As we can see prevalent music metre is 4/4

In [None]:
charts['audio.key'].apply(audio_key).value_counts().sort_index().plot(kind='bar', use_index=True)

While there are no obvious favorite keys, some of them are certainly out of favor: D# is far less popular, than G or A.

In [None]:
charts['audio.tempo'].hist(bins=200)

In [None]:
charts['audio.tempo'].value_counts(bins=200).nlargest(10)

The most popular tempo is 120 BPM with other populars being below and above by 10, 20, 30 bpm. I would speculate this is more common for electronic, or electronically produced music, where you would just turn the knob to change BPM. "Natural" tempos usually align to x2 or x3. Only 128 bpm made it to top 10.

In [None]:
charts.plot(kind='scatter',x='audio.tempo',y='audio.energy')

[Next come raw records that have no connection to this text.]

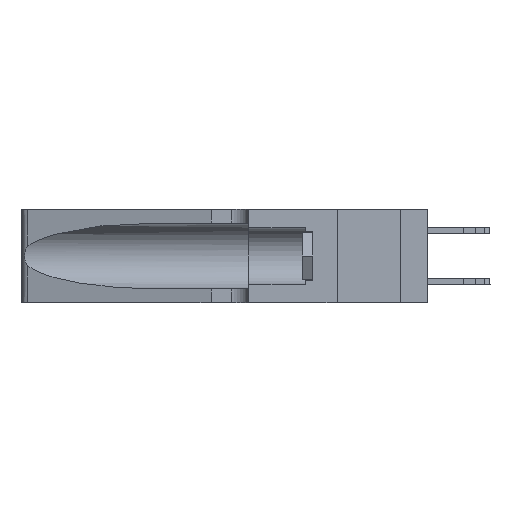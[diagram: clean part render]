
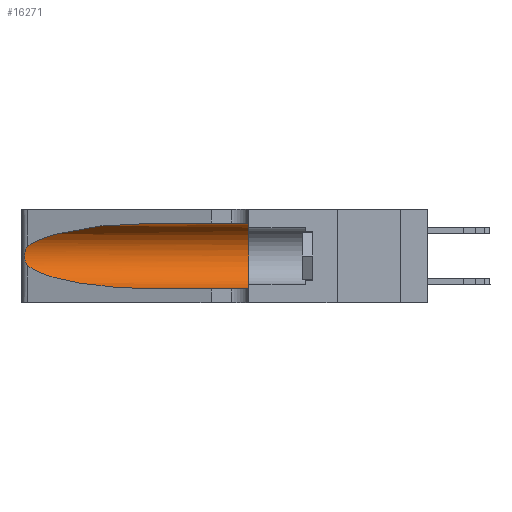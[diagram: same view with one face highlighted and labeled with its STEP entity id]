
A CAD part, left-side view. The second image highlights one B-rep face of the part: STEP entity #16271.
In plain terms, the highlighted cylindrical face has radius 3.308 mm (diameter 6.617 mm), a partial arc.
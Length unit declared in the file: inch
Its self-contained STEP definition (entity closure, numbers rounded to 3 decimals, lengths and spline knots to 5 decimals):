
#52 = ORIENTED_EDGE ( 'NONE', *, *, #7336, .T. ) ;
#226 = VERTEX_POINT ( 'NONE', #11505 ) ;
#486 = DIRECTION ( 'NONE',  ( 0., 1., 0. ) ) ;
#2145 = VECTOR ( 'NONE', #4953, 39.37008 ) ;
#2439 = VERTEX_POINT ( 'NONE', #13239 ) ;
#2782 = EDGE_LOOP ( 'NONE', ( #6959, #52, #16687, #22006, #11274, #24591 ) ) ;
#2864 = CARTESIAN_POINT ( 'NONE',  ( 0.2373, 1.15595, 0.08982 ) ) ;
#3079 = VERTEX_POINT ( 'NONE', #22306 ) ;
#3101 = CARTESIAN_POINT ( 'NONE',  ( 0.1305, 1.61858, 0.185 ) ) ;
#3291 = CARTESIAN_POINT ( 'NONE',  ( 0.1305, 1.61858, 0.05475 ) ) ;
#4155 = CARTESIAN_POINT ( 'NONE',  ( 0.2373, 1.15595, 0.28018 ) ) ;
#4366 = CARTESIAN_POINT ( 'NONE',  ( 0.25789, 1.23486, 0.15765 ) ) ;
#4614 = CARTESIAN_POINT ( 'NONE',  ( 0.25639, 1.23186, 0.15144 ) ) ;
#4953 = DIRECTION ( 'NONE',  ( 0., -1., 0. ) ) ;
#6115 = DIRECTION ( 'NONE',  ( 0., 0., 1. ) ) ;
#6451 = AXIS2_PLACEMENT_3D ( 'NONE', #16647, #486, #6115 ) ;
#6959 = ORIENTED_EDGE ( 'NONE', *, *, #14744, .T. ) ;
#7059 = CIRCLE ( 'NONE', #6451, 0.13025 ) ;
#7336 = EDGE_CURVE ( 'NONE', #31507, #2439, #32891, .T. ) ;
#8795 = LINE ( 'NONE', #15607, #2145 ) ;
#9408 = LINE ( 'NONE', #3291, #13977 ) ;
#10031 = CARTESIAN_POINT ( 'NONE',  ( 0.1305, 0.72297, 0.05475 ) ) ;
#10124 = CARTESIAN_POINT ( 'NONE',  ( 0.26018, 1.23835, 0.19895 ) ) ;
#11274 = ORIENTED_EDGE ( 'NONE', *, *, #34121, .F. ) ;
#11505 = CARTESIAN_POINT ( 'NONE',  ( 0.1305, 0.35, 0.05475 ) ) ;
#11591 = DIRECTION ( 'NONE',  ( 0., 0., -1. ) ) ;
#11609 = CYLINDRICAL_SURFACE ( 'NONE', #12632, 0.13025 ) ;
#11714 = CARTESIAN_POINT ( 'NONE',  ( 0.18966, 0.96281, 0.31525 ) ) ;
#11823 = CARTESIAN_POINT ( 'NONE',  ( 0.1305, 0.35, 0.31525 ) ) ;
#11885 = EDGE_CURVE ( 'NONE', #3079, #12229, #8795, .T. ) ;
#12229 = VERTEX_POINT ( 'NONE', #11823 ) ;
#12304 = CARTESIAN_POINT ( 'NONE',  ( 0.26075, 1.23896, 0.19203 ) ) ;
#12632 = AXIS2_PLACEMENT_3D ( 'NONE', #3101, #25247, #11591 ) ;
#12813 = CARTESIAN_POINT ( 'NONE',  ( 0.26075, 1.23896, 0.178 ) ) ;
#13239 = CARTESIAN_POINT ( 'NONE',  ( 0.25487, 1.22718, 0.14631 ) ) ;
#13977 = VECTOR ( 'NONE', #22324, 39.37008 ) ;
#14153 = FACE_OUTER_BOUND ( 'NONE', #2782, .T. ) ;
#14336 =( BOUNDED_CURVE ( )  B_SPLINE_CURVE ( 3, ( #14421, #11714, #4155, #33158 ),
 .UNSPECIFIED., .F., .F. ) 
 B_SPLINE_CURVE_WITH_KNOTS ( ( 4, 4 ),
 ( 1.5708, 2.84003 ),
 .UNSPECIFIED. ) 
 CURVE ( )  GEOMETRIC_REPRESENTATION_ITEM ( )  RATIONAL_B_SPLINE_CURVE ( ( 1., 0.87, 0.87, 1. ) ) 
 REPRESENTATION_ITEM ( '' )  );
#14421 = CARTESIAN_POINT ( 'NONE',  ( 0.1305, 0.72297, 0.31525 ) ) ;
#14744 = EDGE_CURVE ( 'NONE', #3079, #31507, #14336, .T. ) ;
#15185 = EDGE_CURVE ( 'NONE', #2439, #28778, #32647, .T. ) ;
#15398 = CARTESIAN_POINT ( 'NONE',  ( 0.25856, 1.23593, 0.16098 ) ) ;
#15607 = CARTESIAN_POINT ( 'NONE',  ( 0.1305, 1.61858, 0.31525 ) ) ;
#16202 = CARTESIAN_POINT ( 'NONE',  ( 0.25487, 1.22718, 0.14631 ) ) ;
#16271 = ADVANCED_FACE ( 'NONE', ( #14153 ), #11609, .F. ) ;
#16647 = CARTESIAN_POINT ( 'NONE',  ( 0.1305, 0.35, 0.185 ) ) ;
#16687 = ORIENTED_EDGE ( 'NONE', *, *, #15185, .T. ) ;
#18161 = CARTESIAN_POINT ( 'NONE',  ( 0.25787, 1.23484, 0.2124 ) ) ;
#19745 = CARTESIAN_POINT ( 'NONE',  ( 0.18966, 0.96281, 0.05475 ) ) ;
#20845 = CARTESIAN_POINT ( 'NONE',  ( 0.25854, 1.2359, 0.20912 ) ) ;
#22006 = ORIENTED_EDGE ( 'NONE', *, *, #22142, .T. ) ;
#22142 = EDGE_CURVE ( 'NONE', #28778, #226, #9408, .T. ) ;
#22306 = CARTESIAN_POINT ( 'NONE',  ( 0.1305, 0.72297, 0.31525 ) ) ;
#22324 = DIRECTION ( 'NONE',  ( 0., -1., 0. ) ) ;
#22870 = CARTESIAN_POINT ( 'NONE',  ( 0.1305, 0.72297, 0.05475 ) ) ;
#24591 = ORIENTED_EDGE ( 'NONE', *, *, #11885, .F. ) ;
#25247 = DIRECTION ( 'NONE',  ( 0., -1., 0. ) ) ;
#25847 = CARTESIAN_POINT ( 'NONE',  ( 0.25639, 1.23184, 0.21858 ) ) ;
#26107 = CARTESIAN_POINT ( 'NONE',  ( 0.25487, 1.22718, 0.22369 ) ) ;
#27072 = CARTESIAN_POINT ( 'NONE',  ( 0.25487, 1.22718, 0.22369 ) ) ;
#28288 = CARTESIAN_POINT ( 'NONE',  ( 0.25555, 1.22994, 0.2215 ) ) ;
#28530 = CARTESIAN_POINT ( 'NONE',  ( 0.26017, 1.23833, 0.17102 ) ) ;
#28778 = VERTEX_POINT ( 'NONE', #22870 ) ;
#31184 = CARTESIAN_POINT ( 'NONE',  ( 0.25555, 1.22993, 0.14849 ) ) ;
#31421 = CARTESIAN_POINT ( 'NONE',  ( 0.25487, 1.22718, 0.14631 ) ) ;
#31507 = VERTEX_POINT ( 'NONE', #27072 ) ;
#32647 =( BOUNDED_CURVE ( )  B_SPLINE_CURVE ( 3, ( #16202, #2864, #19745, #10031 ),
 .UNSPECIFIED., .F., .F. ) 
 B_SPLINE_CURVE_WITH_KNOTS ( ( 4, 4 ),
 ( 3.44316, 4.71239 ),
 .UNSPECIFIED. ) 
 CURVE ( )  GEOMETRIC_REPRESENTATION_ITEM ( )  RATIONAL_B_SPLINE_CURVE ( ( 1., 0.87, 0.87, 1. ) ) 
 REPRESENTATION_ITEM ( '' )  );
#32891 = B_SPLINE_CURVE_WITH_KNOTS ( 'NONE', 3,
 ( #26107, #28288, #25847, #18161, #20845, #10124, #12304, #12813, #28530, #15398, #4366, #4614, #31184, #31421 ),
 .UNSPECIFIED., .F., .F.,
 ( 4, 2, 2, 2, 2, 2, 4 ),
 ( 0., 0.00027, 0.00053, 0.00107, 0.0016, 0.00187, 0.00214 ),
 .UNSPECIFIED. ) ;
#33158 = CARTESIAN_POINT ( 'NONE',  ( 0.25487, 1.22718, 0.22369 ) ) ;
#34121 = EDGE_CURVE ( 'NONE', #12229, #226, #7059, .T. ) ;

This is how the track energy changes with tempo. Without doing too much stats we can see that lower tempo may correspond to both low and high level of energy, while higher tempos almost always mean high-energy music

In [None]:
charts.plot(kind='scatter',x='audio.tempo',y='audio.danceability')

Finally, track suitability for dancing is associated with some moderate tempos in vicinity of 120 BPM. This is kinda expected from the perspective of physics (ability to keep up with tempo decreases with increase of body mass), but also it could be a reason for 120 BPM popularity.